Trading activity in global derivatives markets has risen in the past decade as the number of available trading products and venues has increased. This, in turn, has enabled a growing number and range of market participants to access these markets. As energy markets began to deregulate in the early 1990’s, new derivative products were developed to satisfy the increasing demand for energy risk management tools and investment strategies. The range of derivative energy products has expanded to include instruments such as futures, forwards, swaps, differentials, spreads and options. Volume growth in both our futures markets and our OTC markets has been driven by steadily increasing demand for these contracts and our ability to provide liquidity in the markets for these products.
 
Our business is primarily transaction-based, and our revenues and profitability relate directly to the level of trading activity in our markets. Trading volumes are driven by a number of factors, including the degree of volatility in commodities prices. Higher price volatility increases the need to hedge contractual price risk and creates opportunities for arbitrage or speculative trading. While higher energy prices do not have a direct correlation to our trading volumes, changes in the absolute price level of energy commodities, such as those experienced in recent years in crude oil, can have a significant impact on our trading volumes. Changes in our futures trading volumes and OTC average daily commissions have also been driven by varying levels of liquidity both in our markets and in the broader markets for energy commodities trading, which influence trading volumes across all of the markets we operate. For example, the use of clearing in the OTC markets has served to increase participation in the OTC markets by non-traditional participants. This in turn has increased liquidity in formerly illiquid contracts and resulted in increased trading activity, particularly in North American natural gas and power markets. Our trading volumes in our futures business segment were also favorably impacted by our transition to electronic trading in April 2005 when the distribution of our futures markets was significantly expanded through increased use of screen-based trading.
 
Commodity futures markets are highly regulated and offer trading of standardized contracts. The futures markets are more structured and mature than the institutional markets for OTC energy trading. In our futures business segment, rising demand for, among other things, increased price discovery and risk management tools in the energy sector has driven annual record trading volumes for eight consecutive years at ICE Futures and its predecessor company.
 
Unlike the futures markets, the OTC markets generally involve limited regulation and offer customization of contract terms by counterparties.
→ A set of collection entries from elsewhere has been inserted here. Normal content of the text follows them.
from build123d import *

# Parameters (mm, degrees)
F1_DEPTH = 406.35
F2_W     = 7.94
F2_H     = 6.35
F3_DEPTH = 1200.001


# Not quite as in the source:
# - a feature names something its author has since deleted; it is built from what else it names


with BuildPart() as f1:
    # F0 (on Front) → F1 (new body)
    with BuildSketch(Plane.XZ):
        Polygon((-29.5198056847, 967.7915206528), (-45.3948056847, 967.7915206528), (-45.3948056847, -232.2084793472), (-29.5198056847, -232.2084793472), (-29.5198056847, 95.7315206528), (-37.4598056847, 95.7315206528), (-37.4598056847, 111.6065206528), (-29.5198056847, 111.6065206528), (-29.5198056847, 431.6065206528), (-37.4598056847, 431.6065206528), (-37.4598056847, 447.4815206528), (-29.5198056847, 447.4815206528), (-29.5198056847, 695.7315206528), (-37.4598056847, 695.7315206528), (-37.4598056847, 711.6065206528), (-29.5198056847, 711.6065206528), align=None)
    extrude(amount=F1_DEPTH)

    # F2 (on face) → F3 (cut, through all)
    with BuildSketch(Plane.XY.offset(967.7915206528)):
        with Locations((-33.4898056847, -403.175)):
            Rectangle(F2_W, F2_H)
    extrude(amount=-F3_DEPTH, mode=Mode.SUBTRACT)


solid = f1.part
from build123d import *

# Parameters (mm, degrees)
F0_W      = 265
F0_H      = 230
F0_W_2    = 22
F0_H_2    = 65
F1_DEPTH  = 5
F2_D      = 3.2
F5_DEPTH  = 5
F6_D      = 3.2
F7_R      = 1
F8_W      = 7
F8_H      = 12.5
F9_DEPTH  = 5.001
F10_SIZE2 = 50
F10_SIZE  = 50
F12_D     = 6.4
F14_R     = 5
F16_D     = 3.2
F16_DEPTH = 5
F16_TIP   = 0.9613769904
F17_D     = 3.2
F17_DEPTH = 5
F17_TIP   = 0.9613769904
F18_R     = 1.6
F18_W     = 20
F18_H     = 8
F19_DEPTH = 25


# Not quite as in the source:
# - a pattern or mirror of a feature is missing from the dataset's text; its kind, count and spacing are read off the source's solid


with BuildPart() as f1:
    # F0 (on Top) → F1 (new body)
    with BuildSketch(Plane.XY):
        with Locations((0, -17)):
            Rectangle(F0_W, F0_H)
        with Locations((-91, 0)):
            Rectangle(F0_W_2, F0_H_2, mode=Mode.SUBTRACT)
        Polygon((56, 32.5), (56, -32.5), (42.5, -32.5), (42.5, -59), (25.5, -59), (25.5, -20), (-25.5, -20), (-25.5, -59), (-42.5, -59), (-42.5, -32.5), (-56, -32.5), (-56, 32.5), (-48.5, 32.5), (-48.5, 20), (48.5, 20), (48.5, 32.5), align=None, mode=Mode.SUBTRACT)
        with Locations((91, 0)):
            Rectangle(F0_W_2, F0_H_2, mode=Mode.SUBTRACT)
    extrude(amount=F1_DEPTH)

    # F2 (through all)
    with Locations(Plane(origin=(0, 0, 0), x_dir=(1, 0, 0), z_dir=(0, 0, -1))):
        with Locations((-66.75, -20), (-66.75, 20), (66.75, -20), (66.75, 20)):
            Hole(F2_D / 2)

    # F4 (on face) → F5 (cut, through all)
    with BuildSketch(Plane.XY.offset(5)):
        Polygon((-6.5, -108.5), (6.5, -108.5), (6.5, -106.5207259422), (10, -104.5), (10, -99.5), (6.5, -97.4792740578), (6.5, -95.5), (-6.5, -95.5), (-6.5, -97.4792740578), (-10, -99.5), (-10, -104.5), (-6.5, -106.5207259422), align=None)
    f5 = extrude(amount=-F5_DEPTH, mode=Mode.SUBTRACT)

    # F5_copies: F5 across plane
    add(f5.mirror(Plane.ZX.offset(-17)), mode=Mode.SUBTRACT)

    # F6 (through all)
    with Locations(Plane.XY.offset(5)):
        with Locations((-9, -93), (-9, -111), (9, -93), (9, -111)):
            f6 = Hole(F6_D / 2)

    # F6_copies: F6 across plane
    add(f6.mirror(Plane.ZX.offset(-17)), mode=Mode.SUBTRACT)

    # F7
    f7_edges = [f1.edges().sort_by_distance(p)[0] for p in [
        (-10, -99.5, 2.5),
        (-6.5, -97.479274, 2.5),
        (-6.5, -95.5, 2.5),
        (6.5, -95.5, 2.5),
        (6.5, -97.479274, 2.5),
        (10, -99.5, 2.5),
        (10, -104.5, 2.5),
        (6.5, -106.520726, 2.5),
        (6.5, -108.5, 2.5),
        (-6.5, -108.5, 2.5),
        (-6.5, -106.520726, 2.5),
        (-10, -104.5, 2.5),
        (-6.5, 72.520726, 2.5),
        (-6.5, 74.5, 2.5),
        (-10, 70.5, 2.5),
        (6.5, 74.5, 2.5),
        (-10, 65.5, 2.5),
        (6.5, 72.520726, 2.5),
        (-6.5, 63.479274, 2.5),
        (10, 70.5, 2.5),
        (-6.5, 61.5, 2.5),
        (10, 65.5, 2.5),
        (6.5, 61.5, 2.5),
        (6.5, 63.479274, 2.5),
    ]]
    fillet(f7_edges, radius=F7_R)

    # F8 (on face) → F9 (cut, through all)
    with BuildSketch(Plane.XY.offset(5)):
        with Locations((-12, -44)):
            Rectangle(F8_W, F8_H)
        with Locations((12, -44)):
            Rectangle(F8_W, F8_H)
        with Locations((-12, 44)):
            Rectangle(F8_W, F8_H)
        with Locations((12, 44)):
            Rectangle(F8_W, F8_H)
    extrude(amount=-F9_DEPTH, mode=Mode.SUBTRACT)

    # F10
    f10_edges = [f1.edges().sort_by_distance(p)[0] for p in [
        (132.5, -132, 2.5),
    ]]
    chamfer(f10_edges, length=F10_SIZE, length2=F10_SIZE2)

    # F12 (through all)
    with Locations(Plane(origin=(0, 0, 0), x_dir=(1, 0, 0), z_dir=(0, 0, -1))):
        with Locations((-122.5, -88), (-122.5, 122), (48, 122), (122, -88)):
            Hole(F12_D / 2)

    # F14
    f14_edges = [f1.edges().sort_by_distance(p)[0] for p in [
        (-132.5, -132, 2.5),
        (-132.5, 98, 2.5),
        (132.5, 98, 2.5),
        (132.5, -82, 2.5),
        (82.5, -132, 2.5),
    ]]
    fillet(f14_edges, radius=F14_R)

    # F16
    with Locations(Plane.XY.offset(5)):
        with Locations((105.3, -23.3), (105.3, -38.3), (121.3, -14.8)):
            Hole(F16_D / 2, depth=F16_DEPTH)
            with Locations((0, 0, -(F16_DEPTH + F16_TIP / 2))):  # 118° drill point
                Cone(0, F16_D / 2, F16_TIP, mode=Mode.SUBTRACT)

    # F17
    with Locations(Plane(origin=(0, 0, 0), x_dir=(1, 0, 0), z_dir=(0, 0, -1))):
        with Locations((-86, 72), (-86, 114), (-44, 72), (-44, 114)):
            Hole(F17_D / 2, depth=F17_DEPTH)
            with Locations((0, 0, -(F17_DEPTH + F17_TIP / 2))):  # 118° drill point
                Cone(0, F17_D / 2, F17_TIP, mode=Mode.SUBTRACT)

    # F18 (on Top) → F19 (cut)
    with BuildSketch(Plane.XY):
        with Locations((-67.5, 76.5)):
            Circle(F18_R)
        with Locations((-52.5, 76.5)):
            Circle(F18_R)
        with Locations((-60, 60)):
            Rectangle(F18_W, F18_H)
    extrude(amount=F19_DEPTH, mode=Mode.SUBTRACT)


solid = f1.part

While the OTC markets have matured considerably in recent years, contracts traded in the OTC markets are generally less standardized than the futures markets. These markets have been characterized by less transparency and fragmentation of liquidity. However, we have introduced a number of structural changes to our OTC markets to increase both transparency and liquidity, including the availability of electronic trading, the introduction of cleared OTC contracts and the use of transaction-based indices.
 
We introduced the industry’s first cleared OTC energy contracts in North America in March 2002 in the natural gas market. The use of OTC clearing serves to reduce the credit risk associated with bilateral OTC trading by interposing an independent clearinghouse as a counterparty to trades in these contracts. The use of a central clearinghouse rather than the reliance on bilateral trading agreements resulted in more participants becoming active in the OTC markets. Clearing through a central clearinghouse typically offers market participants the ability to reduce the amount of capital required to trade as well as the ability to cross-margin positions in various commodities. Cross-margining means that a participant is able to have offsetting positions taken into account in determining its margin requirements, which could reduce the amount of margin the participant must deposit with the futures commission merchant through which it clears. As a result of the introduction of OTC clearing, the addition of new participants and an improved credit environment in the markets for energy commodities trading, our OTC markets have experienced steady growth, increase price transparency and increased institutionalization.
 
We believe that the move toward electronic trade execution, together with the improved accessibility for new market participants and the increased adoption of energy commodities as a tradable, investable asset class, will support continued secular growth in the global energy markets. As participation continues to increase and as participants continue to employ more sophisticated financial instruments and risk management strategies to manage their energy price exposure, we believe there remains considerable opportunity for further growth in energy derivatives trading on a global basis.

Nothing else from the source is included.